EXTRACTED INFORMATION:
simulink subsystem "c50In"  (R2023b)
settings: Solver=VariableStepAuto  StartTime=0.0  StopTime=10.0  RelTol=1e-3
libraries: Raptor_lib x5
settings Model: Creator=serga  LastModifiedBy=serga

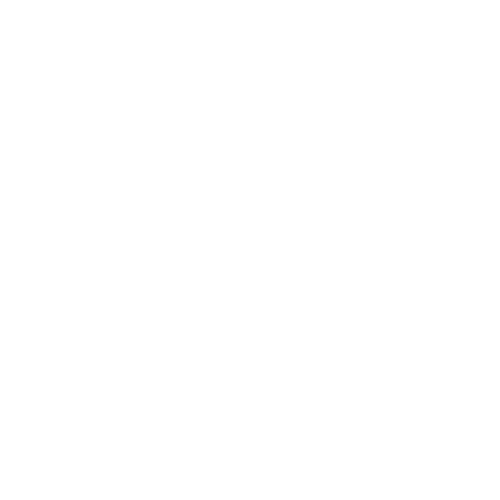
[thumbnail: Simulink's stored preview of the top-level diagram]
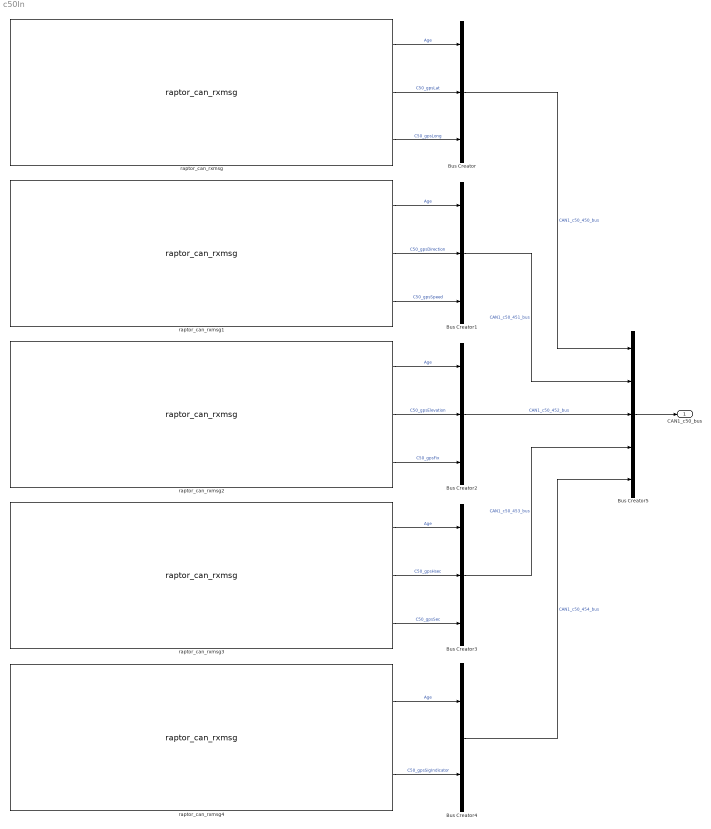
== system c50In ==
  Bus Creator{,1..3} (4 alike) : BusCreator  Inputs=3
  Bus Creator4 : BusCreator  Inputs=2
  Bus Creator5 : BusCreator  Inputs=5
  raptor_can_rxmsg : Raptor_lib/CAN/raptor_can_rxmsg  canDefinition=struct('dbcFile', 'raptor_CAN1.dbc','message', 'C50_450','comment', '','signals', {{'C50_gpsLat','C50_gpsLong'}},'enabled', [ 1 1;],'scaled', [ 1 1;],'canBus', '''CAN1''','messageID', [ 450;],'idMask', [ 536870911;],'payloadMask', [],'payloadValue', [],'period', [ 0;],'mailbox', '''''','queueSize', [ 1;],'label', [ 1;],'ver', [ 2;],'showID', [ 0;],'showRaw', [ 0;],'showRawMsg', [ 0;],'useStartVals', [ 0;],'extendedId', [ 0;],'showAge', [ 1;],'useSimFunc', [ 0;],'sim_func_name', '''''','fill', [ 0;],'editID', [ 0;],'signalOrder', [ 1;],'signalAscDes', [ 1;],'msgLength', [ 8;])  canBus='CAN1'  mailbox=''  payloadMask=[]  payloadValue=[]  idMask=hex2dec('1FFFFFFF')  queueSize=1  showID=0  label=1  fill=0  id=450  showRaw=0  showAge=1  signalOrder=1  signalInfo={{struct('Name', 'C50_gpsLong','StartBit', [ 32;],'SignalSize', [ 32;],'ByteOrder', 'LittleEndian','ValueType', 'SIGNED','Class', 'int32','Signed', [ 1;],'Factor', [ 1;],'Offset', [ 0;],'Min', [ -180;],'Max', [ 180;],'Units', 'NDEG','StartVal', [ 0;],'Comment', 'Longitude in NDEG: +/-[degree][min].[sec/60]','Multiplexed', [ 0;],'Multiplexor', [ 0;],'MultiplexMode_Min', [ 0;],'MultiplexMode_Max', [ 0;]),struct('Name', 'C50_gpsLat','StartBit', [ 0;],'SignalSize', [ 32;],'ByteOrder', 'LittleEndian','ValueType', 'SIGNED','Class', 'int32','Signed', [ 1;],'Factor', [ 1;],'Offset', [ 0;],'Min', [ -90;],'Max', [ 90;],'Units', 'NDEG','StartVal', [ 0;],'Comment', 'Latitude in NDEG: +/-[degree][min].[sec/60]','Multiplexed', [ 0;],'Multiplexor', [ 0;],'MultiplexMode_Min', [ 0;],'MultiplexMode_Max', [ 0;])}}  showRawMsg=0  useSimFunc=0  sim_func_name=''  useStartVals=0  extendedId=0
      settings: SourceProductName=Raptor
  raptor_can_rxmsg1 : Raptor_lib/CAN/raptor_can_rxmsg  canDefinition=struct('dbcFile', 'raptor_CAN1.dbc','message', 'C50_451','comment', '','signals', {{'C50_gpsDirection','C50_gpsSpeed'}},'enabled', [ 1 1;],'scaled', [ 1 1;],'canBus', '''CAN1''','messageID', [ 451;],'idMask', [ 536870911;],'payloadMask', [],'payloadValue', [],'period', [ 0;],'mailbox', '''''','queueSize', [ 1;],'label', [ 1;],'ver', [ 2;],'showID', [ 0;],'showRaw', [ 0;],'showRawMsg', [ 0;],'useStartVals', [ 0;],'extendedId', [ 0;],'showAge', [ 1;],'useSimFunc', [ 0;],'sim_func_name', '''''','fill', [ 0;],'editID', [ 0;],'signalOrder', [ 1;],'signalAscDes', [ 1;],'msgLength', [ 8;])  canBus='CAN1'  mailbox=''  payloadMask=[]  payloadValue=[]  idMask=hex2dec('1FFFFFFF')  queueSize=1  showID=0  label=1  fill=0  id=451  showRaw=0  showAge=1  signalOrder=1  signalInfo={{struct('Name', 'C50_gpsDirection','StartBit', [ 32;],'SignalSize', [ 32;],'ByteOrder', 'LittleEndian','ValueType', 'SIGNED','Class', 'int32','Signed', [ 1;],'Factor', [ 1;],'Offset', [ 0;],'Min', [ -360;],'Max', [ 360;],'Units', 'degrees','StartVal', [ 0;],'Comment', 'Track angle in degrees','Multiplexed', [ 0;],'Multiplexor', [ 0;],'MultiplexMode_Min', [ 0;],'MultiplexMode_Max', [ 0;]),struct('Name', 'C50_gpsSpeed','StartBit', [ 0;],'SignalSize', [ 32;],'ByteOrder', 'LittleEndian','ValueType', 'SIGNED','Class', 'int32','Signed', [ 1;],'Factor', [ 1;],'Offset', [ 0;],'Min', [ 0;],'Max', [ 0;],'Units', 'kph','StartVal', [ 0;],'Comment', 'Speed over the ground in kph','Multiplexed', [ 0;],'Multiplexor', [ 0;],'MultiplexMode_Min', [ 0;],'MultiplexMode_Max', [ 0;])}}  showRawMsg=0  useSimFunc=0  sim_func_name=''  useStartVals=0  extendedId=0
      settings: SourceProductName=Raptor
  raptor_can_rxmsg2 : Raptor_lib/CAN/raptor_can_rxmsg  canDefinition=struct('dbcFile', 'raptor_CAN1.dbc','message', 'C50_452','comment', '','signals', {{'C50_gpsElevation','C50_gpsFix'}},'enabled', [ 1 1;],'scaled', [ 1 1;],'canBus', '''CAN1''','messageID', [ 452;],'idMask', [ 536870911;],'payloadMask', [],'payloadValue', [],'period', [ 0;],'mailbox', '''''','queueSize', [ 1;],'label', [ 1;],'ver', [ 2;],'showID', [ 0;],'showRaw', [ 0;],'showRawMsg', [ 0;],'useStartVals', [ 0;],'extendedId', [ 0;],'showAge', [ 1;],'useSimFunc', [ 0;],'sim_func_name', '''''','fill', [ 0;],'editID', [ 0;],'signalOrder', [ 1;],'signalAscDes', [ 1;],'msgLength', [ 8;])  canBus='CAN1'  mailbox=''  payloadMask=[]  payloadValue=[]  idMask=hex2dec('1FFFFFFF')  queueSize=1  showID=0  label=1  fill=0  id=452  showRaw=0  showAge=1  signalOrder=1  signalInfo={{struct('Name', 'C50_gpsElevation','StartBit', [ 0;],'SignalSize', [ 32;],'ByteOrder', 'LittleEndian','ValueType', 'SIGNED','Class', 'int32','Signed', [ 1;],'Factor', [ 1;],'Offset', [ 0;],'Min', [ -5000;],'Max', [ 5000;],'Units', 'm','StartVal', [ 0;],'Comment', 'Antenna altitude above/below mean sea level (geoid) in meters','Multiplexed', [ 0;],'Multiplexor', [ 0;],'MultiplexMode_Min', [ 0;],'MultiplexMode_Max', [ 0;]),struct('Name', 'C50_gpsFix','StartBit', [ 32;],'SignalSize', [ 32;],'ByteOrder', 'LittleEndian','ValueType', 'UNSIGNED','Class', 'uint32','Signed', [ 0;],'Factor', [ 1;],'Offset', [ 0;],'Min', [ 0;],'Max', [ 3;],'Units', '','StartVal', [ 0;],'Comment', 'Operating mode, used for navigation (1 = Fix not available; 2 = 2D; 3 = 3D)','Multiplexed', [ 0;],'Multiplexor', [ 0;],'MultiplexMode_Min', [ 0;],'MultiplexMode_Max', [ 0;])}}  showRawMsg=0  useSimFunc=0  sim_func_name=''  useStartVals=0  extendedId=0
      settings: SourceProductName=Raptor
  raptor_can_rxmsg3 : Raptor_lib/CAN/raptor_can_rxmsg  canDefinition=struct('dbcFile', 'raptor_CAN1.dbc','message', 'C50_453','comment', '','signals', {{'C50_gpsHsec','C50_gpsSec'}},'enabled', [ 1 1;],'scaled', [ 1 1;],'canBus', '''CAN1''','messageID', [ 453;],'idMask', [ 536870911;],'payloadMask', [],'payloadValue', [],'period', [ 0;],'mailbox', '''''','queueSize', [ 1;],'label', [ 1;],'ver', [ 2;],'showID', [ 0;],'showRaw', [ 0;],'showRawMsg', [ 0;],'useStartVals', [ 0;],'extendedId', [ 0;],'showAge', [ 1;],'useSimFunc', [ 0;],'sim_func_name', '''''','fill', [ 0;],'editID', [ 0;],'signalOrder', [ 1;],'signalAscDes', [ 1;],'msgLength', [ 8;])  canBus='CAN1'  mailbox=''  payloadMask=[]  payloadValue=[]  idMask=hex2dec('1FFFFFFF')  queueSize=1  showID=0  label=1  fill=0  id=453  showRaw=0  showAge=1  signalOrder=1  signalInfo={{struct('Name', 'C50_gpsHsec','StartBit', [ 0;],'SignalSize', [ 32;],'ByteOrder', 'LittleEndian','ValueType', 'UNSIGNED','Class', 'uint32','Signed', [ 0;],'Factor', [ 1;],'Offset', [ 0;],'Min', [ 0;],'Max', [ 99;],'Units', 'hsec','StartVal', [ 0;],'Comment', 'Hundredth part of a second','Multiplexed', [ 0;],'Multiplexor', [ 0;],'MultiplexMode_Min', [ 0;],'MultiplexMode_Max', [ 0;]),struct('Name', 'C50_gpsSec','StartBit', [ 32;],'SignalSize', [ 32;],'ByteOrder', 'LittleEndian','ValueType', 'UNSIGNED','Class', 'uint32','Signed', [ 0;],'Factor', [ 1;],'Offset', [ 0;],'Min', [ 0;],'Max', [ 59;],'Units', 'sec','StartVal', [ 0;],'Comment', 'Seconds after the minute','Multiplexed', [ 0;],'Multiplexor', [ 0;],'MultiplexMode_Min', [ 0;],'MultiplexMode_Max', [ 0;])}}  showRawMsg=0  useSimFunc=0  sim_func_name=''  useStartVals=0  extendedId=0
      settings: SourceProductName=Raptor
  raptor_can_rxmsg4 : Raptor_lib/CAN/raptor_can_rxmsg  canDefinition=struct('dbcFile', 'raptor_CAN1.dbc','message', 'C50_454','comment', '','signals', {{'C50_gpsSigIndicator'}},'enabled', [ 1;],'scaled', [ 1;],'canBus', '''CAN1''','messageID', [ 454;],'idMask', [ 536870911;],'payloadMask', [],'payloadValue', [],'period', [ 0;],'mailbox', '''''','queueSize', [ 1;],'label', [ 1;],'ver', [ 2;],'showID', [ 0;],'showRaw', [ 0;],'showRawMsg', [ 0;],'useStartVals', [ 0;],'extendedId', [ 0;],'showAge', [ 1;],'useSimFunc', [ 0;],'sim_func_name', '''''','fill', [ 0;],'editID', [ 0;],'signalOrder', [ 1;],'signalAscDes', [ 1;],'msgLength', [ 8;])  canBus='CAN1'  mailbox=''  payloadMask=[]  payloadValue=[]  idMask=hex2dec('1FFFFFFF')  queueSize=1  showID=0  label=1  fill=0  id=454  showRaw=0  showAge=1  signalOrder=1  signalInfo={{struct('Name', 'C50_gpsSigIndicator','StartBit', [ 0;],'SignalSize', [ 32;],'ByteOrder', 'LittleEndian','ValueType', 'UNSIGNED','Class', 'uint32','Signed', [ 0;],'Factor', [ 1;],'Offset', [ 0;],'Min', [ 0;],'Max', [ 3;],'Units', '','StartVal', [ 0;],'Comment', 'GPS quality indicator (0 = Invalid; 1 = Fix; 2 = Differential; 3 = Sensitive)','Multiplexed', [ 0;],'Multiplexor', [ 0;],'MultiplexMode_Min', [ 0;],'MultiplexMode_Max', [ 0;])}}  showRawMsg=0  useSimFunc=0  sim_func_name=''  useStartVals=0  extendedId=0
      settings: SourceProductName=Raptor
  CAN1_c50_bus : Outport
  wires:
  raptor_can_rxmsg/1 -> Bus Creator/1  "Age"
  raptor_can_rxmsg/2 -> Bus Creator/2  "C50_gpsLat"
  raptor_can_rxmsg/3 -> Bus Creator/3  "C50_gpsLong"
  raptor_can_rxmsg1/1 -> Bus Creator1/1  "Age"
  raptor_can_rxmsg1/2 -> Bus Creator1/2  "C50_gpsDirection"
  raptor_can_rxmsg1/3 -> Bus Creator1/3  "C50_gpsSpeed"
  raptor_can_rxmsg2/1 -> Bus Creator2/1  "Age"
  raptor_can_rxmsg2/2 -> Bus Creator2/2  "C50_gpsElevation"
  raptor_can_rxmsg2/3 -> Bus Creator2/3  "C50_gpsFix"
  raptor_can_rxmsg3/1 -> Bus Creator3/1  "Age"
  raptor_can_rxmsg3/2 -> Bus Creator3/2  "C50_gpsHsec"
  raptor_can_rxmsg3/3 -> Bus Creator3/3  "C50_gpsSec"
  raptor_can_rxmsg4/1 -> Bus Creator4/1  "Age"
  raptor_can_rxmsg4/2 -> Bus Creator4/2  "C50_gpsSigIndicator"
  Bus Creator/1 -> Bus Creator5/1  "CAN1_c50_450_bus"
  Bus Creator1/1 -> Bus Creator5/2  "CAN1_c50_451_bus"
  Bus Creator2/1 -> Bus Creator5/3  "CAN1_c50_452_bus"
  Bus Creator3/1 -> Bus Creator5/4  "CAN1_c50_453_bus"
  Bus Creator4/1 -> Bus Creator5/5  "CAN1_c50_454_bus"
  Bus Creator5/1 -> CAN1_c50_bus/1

WHAT YOU SHOULD DO: Working through the data above, find every line holding "BusCreator" and copy it.

RESPONSE AREA:
  Bus Creator{,1..3} (4 alike) : BusCreator  Inputs=3
  Bus Creator4 : BusCreator  Inputs=2
  Bus Creator5 : BusCreator  Inputs=5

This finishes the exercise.